Born: 1990 World Cup Starts: 35
The relatively young retiree, Patrick Schweiger, announced the end of his career due to persistent knee problems.

“After my cartilage injury in Val Gardena in 2016, I tried everything to get 100 percent fit again, unfortunately without success,” he wrote on Instagram. “As a result, I have never been able to show my potential and my skiing skills during the past season and so it makes no sense to me anymore.”

Born: 1984 World Cup Starts: 148
The Italian spent 15 years on the World Cup tour before saying goodbye. Her career consisted of 10 top-10 World Cup finishes, three World Championships and an Olympic Winter Games.

“These are the numbers of my career… numbers that will be written forever, but it’s not the numbers that will remain in my heart,” she wrote on Facebook. “It’s fatigue, passion for skiing, my teammates #dhlions, love, desire, commitment and patience that made me an athlete.”

Born: 1978 World Cup Starts: 172 World Cup Podiums: 3
The oldest of this year’s retirees, Patrick Thaler raced his last World Cup before the Olympic Winter Games. In Schladming, Austria, he made his last run under the lights.

“It’s hard to say enough after twenty one years of racing,” he said after the race. “But it’s time to close this wonderful adventure.”

Born: 1984 World Cup Starts: 399 World Cup Podiums: 36
The career of this bubbly personality of the World Cup ended shortly before PyeongChang as Julia Mancuso had to give up in her battle against a hip injury that prevented her from competing at the highest level in the past years. She made her farewell run in Cortina d’Ampezzo in a super woman outfit, a perfect salute to the end of her legendary career.
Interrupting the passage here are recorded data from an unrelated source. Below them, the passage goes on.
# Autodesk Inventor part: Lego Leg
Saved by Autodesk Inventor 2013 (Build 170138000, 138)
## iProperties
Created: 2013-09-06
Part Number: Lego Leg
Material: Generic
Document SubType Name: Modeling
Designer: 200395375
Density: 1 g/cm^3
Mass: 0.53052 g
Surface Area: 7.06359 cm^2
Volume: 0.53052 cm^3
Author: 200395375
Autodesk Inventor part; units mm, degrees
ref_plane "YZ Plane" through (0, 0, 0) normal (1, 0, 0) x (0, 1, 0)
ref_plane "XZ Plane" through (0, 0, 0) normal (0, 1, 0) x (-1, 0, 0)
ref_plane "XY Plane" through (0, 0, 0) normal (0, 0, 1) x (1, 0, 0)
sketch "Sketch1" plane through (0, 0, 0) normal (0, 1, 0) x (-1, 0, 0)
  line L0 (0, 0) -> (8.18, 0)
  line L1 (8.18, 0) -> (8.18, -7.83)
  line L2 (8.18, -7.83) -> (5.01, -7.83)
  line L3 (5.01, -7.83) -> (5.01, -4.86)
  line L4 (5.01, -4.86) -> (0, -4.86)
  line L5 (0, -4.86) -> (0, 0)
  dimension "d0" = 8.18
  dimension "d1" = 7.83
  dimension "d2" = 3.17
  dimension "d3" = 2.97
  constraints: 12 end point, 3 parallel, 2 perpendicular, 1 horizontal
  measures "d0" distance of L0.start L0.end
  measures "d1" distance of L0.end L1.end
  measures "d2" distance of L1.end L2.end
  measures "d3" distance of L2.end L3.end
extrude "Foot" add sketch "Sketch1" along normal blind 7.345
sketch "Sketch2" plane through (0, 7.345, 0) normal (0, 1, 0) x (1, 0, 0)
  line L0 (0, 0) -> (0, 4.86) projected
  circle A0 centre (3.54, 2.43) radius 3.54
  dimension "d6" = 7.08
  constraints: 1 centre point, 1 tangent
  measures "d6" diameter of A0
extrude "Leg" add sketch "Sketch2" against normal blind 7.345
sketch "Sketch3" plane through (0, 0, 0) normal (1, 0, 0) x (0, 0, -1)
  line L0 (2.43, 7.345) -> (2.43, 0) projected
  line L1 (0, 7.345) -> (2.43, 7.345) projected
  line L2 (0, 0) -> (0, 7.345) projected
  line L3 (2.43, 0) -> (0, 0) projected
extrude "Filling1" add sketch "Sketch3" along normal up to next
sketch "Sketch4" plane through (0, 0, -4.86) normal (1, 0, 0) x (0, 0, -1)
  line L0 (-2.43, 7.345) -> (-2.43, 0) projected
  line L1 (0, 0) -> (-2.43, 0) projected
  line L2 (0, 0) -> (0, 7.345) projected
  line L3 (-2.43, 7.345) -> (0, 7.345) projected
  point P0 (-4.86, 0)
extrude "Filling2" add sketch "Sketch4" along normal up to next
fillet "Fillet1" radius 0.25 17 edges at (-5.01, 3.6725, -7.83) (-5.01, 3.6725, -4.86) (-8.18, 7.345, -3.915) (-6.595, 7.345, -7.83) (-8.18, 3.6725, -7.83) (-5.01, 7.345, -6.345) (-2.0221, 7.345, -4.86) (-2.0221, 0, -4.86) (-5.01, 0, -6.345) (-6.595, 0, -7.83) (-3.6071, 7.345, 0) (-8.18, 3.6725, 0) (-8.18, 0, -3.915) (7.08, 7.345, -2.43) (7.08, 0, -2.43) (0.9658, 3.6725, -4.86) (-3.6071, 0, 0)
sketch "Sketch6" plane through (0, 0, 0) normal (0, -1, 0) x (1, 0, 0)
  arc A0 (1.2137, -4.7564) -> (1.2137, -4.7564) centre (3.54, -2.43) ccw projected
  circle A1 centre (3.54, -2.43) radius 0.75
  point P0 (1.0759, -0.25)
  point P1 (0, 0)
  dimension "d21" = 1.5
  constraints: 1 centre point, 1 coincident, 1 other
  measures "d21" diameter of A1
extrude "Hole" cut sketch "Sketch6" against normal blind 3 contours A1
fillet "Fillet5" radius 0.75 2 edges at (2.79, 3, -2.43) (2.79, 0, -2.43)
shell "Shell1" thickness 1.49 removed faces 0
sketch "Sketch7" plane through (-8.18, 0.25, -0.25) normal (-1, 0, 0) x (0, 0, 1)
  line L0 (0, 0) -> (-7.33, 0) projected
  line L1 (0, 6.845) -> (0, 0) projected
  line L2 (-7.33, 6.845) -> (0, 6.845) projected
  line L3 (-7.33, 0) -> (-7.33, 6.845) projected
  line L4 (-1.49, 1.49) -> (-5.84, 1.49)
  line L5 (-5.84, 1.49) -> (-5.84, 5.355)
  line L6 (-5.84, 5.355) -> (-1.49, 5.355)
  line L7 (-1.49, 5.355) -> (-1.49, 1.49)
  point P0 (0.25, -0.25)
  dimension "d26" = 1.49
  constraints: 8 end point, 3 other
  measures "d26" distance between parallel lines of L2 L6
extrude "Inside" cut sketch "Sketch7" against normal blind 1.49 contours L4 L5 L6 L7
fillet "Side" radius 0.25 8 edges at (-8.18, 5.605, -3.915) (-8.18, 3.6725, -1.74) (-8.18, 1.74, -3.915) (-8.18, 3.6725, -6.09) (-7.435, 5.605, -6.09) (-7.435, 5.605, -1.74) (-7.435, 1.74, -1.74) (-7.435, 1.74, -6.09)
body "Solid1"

Born: 1981 World Cup Starts: 118 World Cup Podiums: 5
After Jan Hudec reach his goal to qualify for PyeongChang as a Czech Republic athlete, the former Canadian athlete announced his retirement. He was satisfied by being able to represent both his countries at the Games as he officially changed nationality in June 2016. With a World Championship and Olympic medals as well as two World Cup victories, Hudec had a successful racing career. 

Born: 1988 World Cup Starts: 88 World Cup Podiums: 2
Hungarian speed skier Edit Miklos represented Hungary for seven years on the World Cup circuit including two podium results in downhill. After suffering from back-to-back knee injuries, she announced her retirement from being an athlete on Instagram.

“Due to the tension and dispute that has evolved lately in the Hungarian Ski Association, I can’t see how I could work together with the present management in a professional way,” she wrote.  “…I’ve decided to stop my sports career and candidate for the presidency of the Hungarian Ski Association on the General Meeting to be held this Sunday.”

Born: 1986 World Cup Starts: 207 World Cup Podiums: 10
Swedish tech champion Maria Pietilae Holmner made the decision to shift her focus away from competition, following a degenerative disc issue in her back that prevented her from competing this season. However, she has not left the World Cup for good. She is now helping the course crew in Are, Sweden, for the 2019 World Championships.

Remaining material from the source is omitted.